Exercise aim - Every line from the line containing "IEEE 1588 Read Offset/1" to the end of the data must appear in the answer exactly as it appears there, and nothing else.

Material for the task -
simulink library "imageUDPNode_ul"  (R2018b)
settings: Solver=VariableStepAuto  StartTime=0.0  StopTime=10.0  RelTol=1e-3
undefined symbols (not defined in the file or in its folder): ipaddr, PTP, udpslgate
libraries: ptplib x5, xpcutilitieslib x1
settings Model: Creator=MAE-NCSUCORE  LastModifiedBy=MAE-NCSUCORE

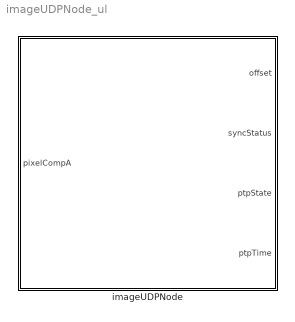
== system imageUDPNode_ul ==
  imageUDPNode : Subsystem  TreatAsAtomicUnit=on  mask{sample_time=0.025, IpAddress=30.30.30.1, toPort=8001, offset_threshold=250e-6, sync_interval=0.2, min_pdelay_req_interval=2, MaskUnpackedDataTypes={['double']}}
      mask prompts: sample_time "Sample time (-1 for inherited)"; IpAddress "IP address:"; toPort "To port:"; offset_threshold "Offset threshold (second)"; sync_interval "Sync interval (second):"; min_pdelay_req_interval "Min delay or pdelay request interval (second):"; MaskUnpackedDataTypes "Input port (unpacked) data types (cell array):"
      mask init:
      | imageUDPNode;
      mask TypeOptions sample_time: IEEE 1588 Read Offset/sample_time | IEEE 1588 Read State/sample_time | IEEE 1588 Read Time/sample_time | IEEE 1588 Real-Time UDP/sample_time | IEEE 1588 Sync Status/sample_time | UDP Send/sampleTime
      mask TypeOptions IpAddress: IEEE 1588 Real-Time UDP/IpAddress
      mask TypeOptions toPort: UDP Send/toPort
      mask TypeOptions offset_threshold: IEEE 1588 Sync Status/offset_threshold
      mask TypeOptions sync_interval: IEEE 1588 Real-Time UDP/sync_interval
      mask TypeOptions min_pdelay_req_interval: IEEE 1588 Real-Time UDP/min_pdelay_req_interval
      mask TypeOptions MaskUnpackedDataTypes: Byte Packing/MaskUnpackedDataTypes

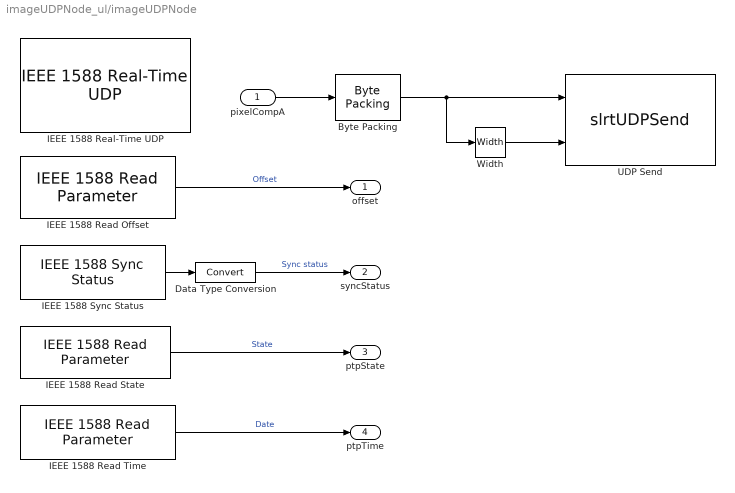
== system imageUDPNode_ul/imageUDPNode ==
  pixelCompA : Inport
  Byte Packing : xpcutilitieslib/Byte Packing   MaskPackedDataType=uint8  MaskUnpackedDataTypes=MaskUnpackedDataTypes  MaskAlignment=1
  Data Type Conversion : DataTypeConversion
  IEEE 1588 Read Offset : ptplib/IEEE 1588 Read Parameter  Priority=1  ID=1  param=Offset from Master  sample_time=sample_time  enable_read_precision=off
      settings: SourceProductName=Simulink Real-Time  SourceProductBaseCode=XP
  IEEE 1588 Read State : ptplib/IEEE 1588 Read Parameter  Priority=1  ID=1  param=Protocol state  sample_time=sample_time  enable_read_precision=off
      settings: SourceProductName=Simulink Real-Time  SourceProductBaseCode=XP
  IEEE 1588 Read Time : ptplib/IEEE 1588 Read Parameter  Priority=1  ID=1  param=PTP time (time-of-day)  sample_time=sample_time  enable_read_precision=off
      settings: SourceProductName=Simulink Real-Time  SourceProductBaseCode=XP
  IEEE 1588 Real-Time UDP : ptplib/IEEE 1588 Real-Time UDP  Priority=0  ID=1  PciBus=4  PciSlot=0  PciFunction=0  time_inc=4000000  sample_time=sample_time  IpSource=Specify  IpAddress=30.30.30.1  SubnetMask=255.255.255.0  Gateway=0.0.0.0  Receive1=30.30.30.30  dest_ip_select=Standard PTP multicast (224.0.1.129, 224.0.0.107)  custom_dest_ip_addr=30.30.30.30  MulticastList=[ipaddr('224.0.1.129'), ipaddr('224.0.0.107')]  Multicast={macaddr('01:00:5E:00:01:81'), macaddr('01:00:5E:00:00:6B')}  time_source=Ethernet board  timescale=PTP (1970-01-01)  epoch=[1970 01 01 00]  delay_measure=Request-response  slave_only=off  enable_advanced_config=on  domain_num=0  utc_offset=35  priority1=128  clock_class=248  clock_accuracy=hex2dec('FE')  priority2=128  announce_interval=2  sync_interval=sync_interval  min_pdelay_req_interval=min_pdelay_req_interval  announce_receipt_timeout=30
      settings: SourceProductName=Simulink Real-Time  SourceProductBaseCode=XP
  IEEE 1588 Sync Status : ptplib/IEEE 1588 Sync Status  Priority=1  ID=1  offset_threshold=offset_threshold  sample_time=sample_time
      settings: SourceProductName=Simulink Real-Time  SourceProductBaseCode=XP
  UDP Send : S-Function  AncestorBlock=xpcrtudplib/UDP Send  LoadFcn=udpslgate('privateupdateIPlist', gcb, 'SetIPAddress');  InitFcn=|  FunctionName=slrtUDPSend  Parameters=ipAddress, localPort, toAdd, toPort, useHostTargetComm, sampleTime  SFunctionDeploymentMode=off  EnableBusSupport=off  mask(slrtudpsend){ipAddress=Use host-target connection, ipAddressVal=Use host-target connection, localPort=-1, toAddress=30.30.30.30, toPort=toPort, sampleTime=sample_time}
      | % Validate model
      | udpvalidatemodel(gcb);
      | ipAddress_init(gcb,gcs);
      mask prompts: ipAddress "Local IP address:"; ipAddressVal "Local IP address:"; localPort "Local port:"; toAddress "To IP address:"; toPort "To port:"; sampleTime "Sample time (-1 for inherited):"
      mask help:
      | Send data over UDP network to a remote device. Send to 255.255.255.255 for broadcast.
      |
      | 'Local IP address' applies only when the block executes on a target computer.
      mask init:
      | % Update ipAddress popup options
      | udpslgate('privateupdateIPlist', gcb, 'UpdateIPList');
      | 
      | % Validate mask parameter values
      | [toAdd, useHostTargetComm] = ...
      |     udpslgate('privateUDPSend', 'validateParams', ipAddress, localPort, toAddress, toPort);
      settings: PreSaveFcn=udpslgate('privateupdateIPlist', gcb, 'UpdateIpAddressVal');
      mask Help: eval('xpcdoc(''UDP_Send'')');
      mask TypeOptions ipAddress: Use host-target connection | 30.30.30.1
      mask Callback ipAddress: udpslgate('privateupdateIPlist', gcb, 'UpdateIPList');
      mask DialogControl DescGroupVar Prompt: UDP Send
      mask Display:
      | maskDisplay = udpslgate('privateUDPSend', 'dispStr', ipAddress, localPort, toAddress, toPort);
      | disp(maskDisplay)
      | 
      | port_label('input', 1, 'Data')
      | port_label('input', 2, 'Length')
  Width : Width
  offset : Outport
  syncStatus : Outport  Port=2
  ptpState : Outport  Port=3
  ptpTime : Outport  Port=4
  wires:
  IEEE 1588 Read Offset/1 -> offset/1  "Offset"
  IEEE 1588 Read State/1 -> ptpState/1  "State"
  Byte Packing/1 -> Width/1, UDP Send/1
  IEEE 1588 Sync Status/1 -> Data Type Conversion/1
  IEEE 1588 Read Time/1 -> ptpTime/1  "Date"
  Data Type Conversion/1 -> syncStatus/1  "Sync status"
  Width/1 -> UDP Send/2
  pixelCompA/1 -> Byte Packing/1

Your solution -
  IEEE 1588 Read Offset/1 -> offset/1  "Offset"
  IEEE 1588 Read State/1 -> ptpState/1  "State"
  Byte Packing/1 -> Width/1, UDP Send/1
  IEEE 1588 Sync Status/1 -> Data Type Conversion/1
  IEEE 1588 Read Time/1 -> ptpTime/1  "Date"
  Data Type Conversion/1 -> syncStatus/1  "Sync status"
  Width/1 -> UDP Send/2
  pixelCompA/1 -> Byte Packing/1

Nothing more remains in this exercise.